By reducing emulation differences, these ongoing RCT replication projects will set more realistic expectations of achievable agreement between RCT-RWE study pairs, and will provide insights with respect to when and why RWE studies do or do not calibrate well against RCTs [94,95].

SUMMARY

●Definitions and importance – The term real-world data (RWD) refers to data relating to patient health status and/or the delivery of health care, routinely collected from a variety of sources. RWD therefore differs from data collected primarily for research purposes. The term real-world evidence (RWE) refers to evidence about the usage and potential benefits or risks of a medical product derived from analysis of RWD. Most RWE studies are observational (or noninterventional) studies, and, thus, the two terms are commonly used interchangeably. (See 'Definitions' above.)

The role and use of RWE has been expanding rapidly. RWE can be used to complement information gained from randomized controlled trials (RCTs). (See 'Introduction' above and 'Uses of RWE' above.)

●Generation of RWE – Most RWE studies are conducted with transactional data (data routinely generated during the provision of care) (table 1). However, data from wearable technology are rapidly gaining popularity in RWE studies. (See 'How rwd are generated and used for research' above.)

●Limitations of RWE – Since RWD do not rely on primary data collection, their use for research purposes have several limitations (see 'Limitations of RWE' above):

•Bias and confounding, since health interventions are not assigned at random in routine care and RWE studies lack systematic ascertainment of outcomes (ascertainment bias and misclassification bias).

•Data may be inaccurate and/or critical information may be missing.

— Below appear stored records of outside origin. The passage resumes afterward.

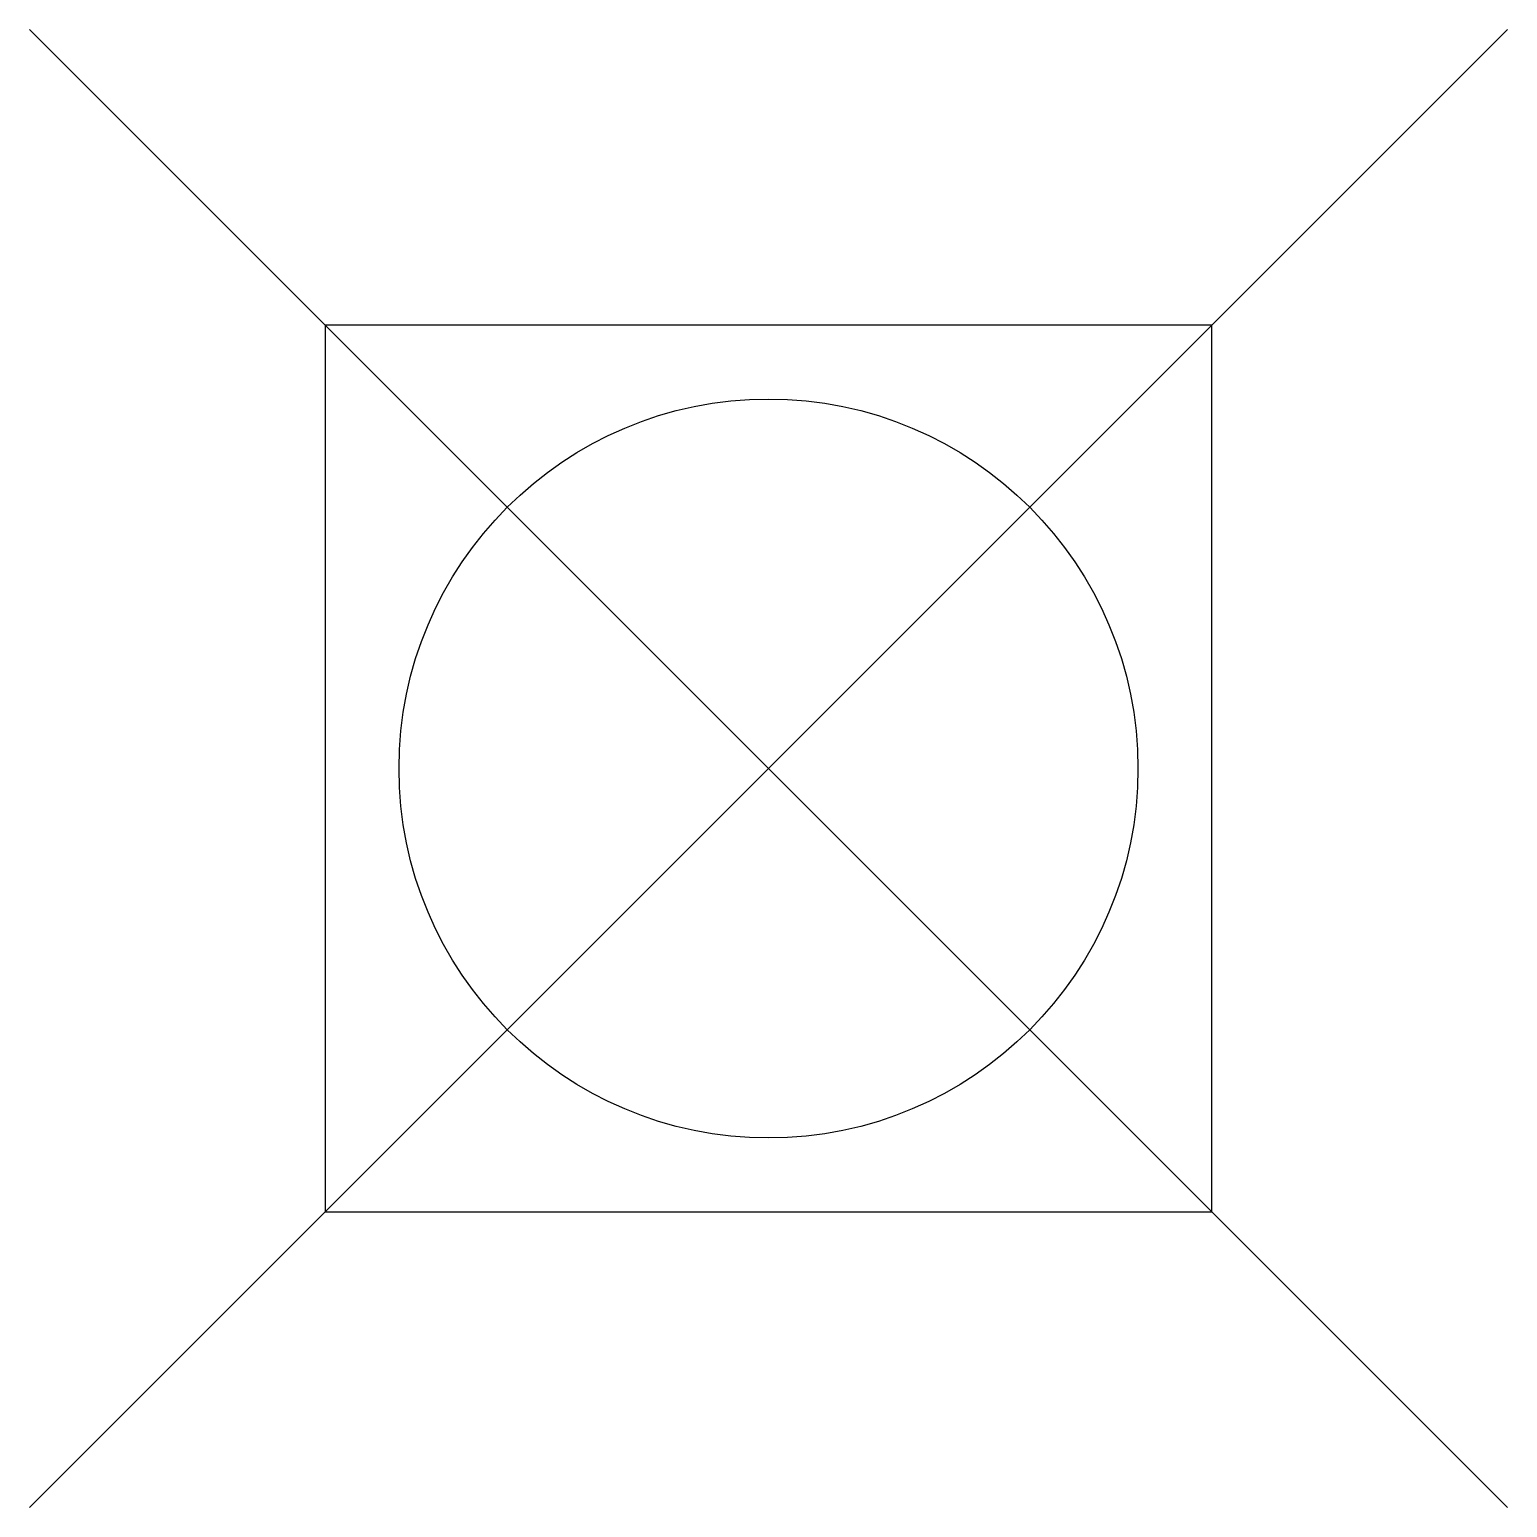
# Model space of a CAD drawing. Extents: x 0 to 100, y 0 to 100.
import ezdxf

# ---------------------------------------------------------------- set-up
doc = ezdxf.new("R2010")
doc.units = 0

msp = doc.modelspace()

# ---------------------------------------------------------------- linework, layer by layer
for p, q in [((0, 0), (100, 100)), ((100, 0), (0, 100)), ((80, 80), (20, 80)), ((20, 80), (20, 20)), ((80, 20), (80, 80)), ((20, 20), (80, 20))]:
    msp.add_line(p, q)
msp.add_circle((50, 50), 25)

doc.saveas('drawing.dxf')

•Since the data informing the study are already completely collected when the study is planned, there is potential for investigators to mine the data rather than forming a priori hypothesis.

●Assessing the quality of a RWE study – When considering whether the results of a RWE study should impact clinical decision-making, three major aspects must be considered (see 'Assessing the quality of a RWE study' above):

•The question of interest must be answerable through the research question addressed by the RWE study (see 'Does the study address the clinical question?' above)

•Suitable data must be available to answer the question (see 'Appropriateness of RWD at hand' above)

•The RWE study must be designed and analyzed using appropriate methodology to minimize the risk of bias (see 'Assessing risk of bias' above)

●Uses of RWE – Examples of uses of RWE include:

•RWE can complement evidence available through RCTs. RCTs have several limitations (eg, they often address narrow questions in highly selected populations, they are costly and time-consuming, and they pose ethical challenges related to experimentation). RWE can mitigate many of these challenges. (See 'RWE as a complement to RCT evidence' above.)

•RWE plays an important role as a source of evidence to substantiate clinical and regulatory decision making (eg, in the setting of rare diseases or for postapproval safety monitoring). (See 'Post-approval safety studies' above.)

•RWE can also be used to substantiate effectiveness and safety claims after accelerated approval of a medication, or to support a secondary indication. (See 'Effectiveness claims based on RWE studies' above.)

●RCT duplication projects – Regulators are ultimately interested in understanding whether a specific RWE study can produce reliable conclusions regarding treatment effects. There are several ongoing or completed projects comparing findings from RCTs and RWE studies. (See 'RCT replication projects' above.)